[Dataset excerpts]
____
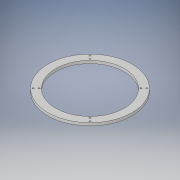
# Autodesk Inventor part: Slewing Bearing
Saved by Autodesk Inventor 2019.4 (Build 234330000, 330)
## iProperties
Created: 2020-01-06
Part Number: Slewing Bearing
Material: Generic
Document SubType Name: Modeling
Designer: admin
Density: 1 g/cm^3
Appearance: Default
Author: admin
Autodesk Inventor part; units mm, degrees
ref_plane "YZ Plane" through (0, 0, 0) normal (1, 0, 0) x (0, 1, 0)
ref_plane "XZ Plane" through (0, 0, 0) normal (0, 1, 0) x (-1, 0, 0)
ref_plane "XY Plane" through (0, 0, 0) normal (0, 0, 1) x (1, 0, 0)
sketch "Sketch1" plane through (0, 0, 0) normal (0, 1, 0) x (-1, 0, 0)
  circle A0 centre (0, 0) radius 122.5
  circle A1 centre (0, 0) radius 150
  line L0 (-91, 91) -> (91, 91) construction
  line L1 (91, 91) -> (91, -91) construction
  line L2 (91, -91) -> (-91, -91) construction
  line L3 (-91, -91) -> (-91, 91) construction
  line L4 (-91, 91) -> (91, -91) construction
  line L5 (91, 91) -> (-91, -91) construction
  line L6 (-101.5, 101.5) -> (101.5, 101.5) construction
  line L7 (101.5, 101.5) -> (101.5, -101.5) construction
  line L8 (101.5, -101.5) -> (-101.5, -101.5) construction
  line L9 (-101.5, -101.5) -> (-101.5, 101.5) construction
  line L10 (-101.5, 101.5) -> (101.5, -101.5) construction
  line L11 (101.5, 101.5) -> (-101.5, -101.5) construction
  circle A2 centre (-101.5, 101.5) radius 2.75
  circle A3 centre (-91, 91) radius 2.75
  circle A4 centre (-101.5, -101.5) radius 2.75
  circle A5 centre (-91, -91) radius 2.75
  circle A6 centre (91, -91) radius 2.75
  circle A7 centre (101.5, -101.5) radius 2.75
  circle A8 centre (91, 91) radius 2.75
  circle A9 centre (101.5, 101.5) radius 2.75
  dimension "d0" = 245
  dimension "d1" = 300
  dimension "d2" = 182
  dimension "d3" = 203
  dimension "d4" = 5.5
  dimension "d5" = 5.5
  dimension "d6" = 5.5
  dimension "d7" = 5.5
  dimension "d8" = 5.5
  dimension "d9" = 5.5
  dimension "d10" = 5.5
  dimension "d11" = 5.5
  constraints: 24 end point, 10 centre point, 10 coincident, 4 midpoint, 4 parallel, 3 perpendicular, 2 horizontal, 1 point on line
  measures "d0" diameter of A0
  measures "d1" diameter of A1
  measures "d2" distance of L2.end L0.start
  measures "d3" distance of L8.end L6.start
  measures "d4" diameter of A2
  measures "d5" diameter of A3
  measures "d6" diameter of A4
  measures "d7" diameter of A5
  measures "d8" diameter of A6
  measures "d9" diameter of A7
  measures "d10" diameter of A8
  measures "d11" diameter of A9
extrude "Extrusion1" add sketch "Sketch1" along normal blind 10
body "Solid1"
____
## WHAT IS BEING ASKED
Print the lines above from the one with "line L1 (91, 91) -> (91, -91) construction" through the one with "diameter of A9", both included, exactly as written and nothing more.

## RESULT OF THIS TASK
  line L1 (91, 91) -> (91, -91) construction
  line L2 (91, -91) -> (-91, -91) construction
  line L3 (-91, -91) -> (-91, 91) construction
  line L4 (-91, 91) -> (91, -91) construction
  line L5 (91, 91) -> (-91, -91) construction
  line L6 (-101.5, 101.5) -> (101.5, 101.5) construction
  line L7 (101.5, 101.5) -> (101.5, -101.5) construction
  line L8 (101.5, -101.5) -> (-101.5, -101.5) construction
  line L9 (-101.5, -101.5) -> (-101.5, 101.5) construction
  line L10 (-101.5, 101.5) -> (101.5, -101.5) construction
  line L11 (101.5, 101.5) -> (-101.5, -101.5) construction
  circle A2 centre (-101.5, 101.5) radius 2.75
  circle A3 centre (-91, 91) radius 2.75
  circle A4 centre (-101.5, -101.5) radius 2.75
  circle A5 centre (-91, -91) radius 2.75
  circle A6 centre (91, -91) radius 2.75
  circle A7 centre (101.5, -101.5) radius 2.75
  circle A8 centre (91, 91) radius 2.75
  circle A9 centre (101.5, 101.5) radius 2.75
  dimension "d0" = 245
  dimension "d1" = 300
  dimension "d2" = 182
  dimension "d3" = 203
  dimension "d4" = 5.5
  dimension "d5" = 5.5
  dimension "d6" = 5.5
  dimension "d7" = 5.5
  dimension "d8" = 5.5
  dimension "d9" = 5.5
  dimension "d10" = 5.5
  dimension "d11" = 5.5
  constraints: 24 end point, 10 centre point, 10 coincident, 4 midpoint, 4 parallel, 3 perpendicular, 2 horizontal, 1 point on line
  measures "d0" diameter of A0
  measures "d1" diameter of A1
  measures "d2" distance of L2.end L0.start
  measures "d3" distance of L8.end L6.start
  measures "d4" diameter of A2
  measures "d5" diameter of A3
  measures "d6" diameter of A4
  measures "d7" diameter of A5
  measures "d8" diameter of A6
  measures "d9" diameter of A7
  measures "d10" diameter of A8
  measures "d11" diameter of A9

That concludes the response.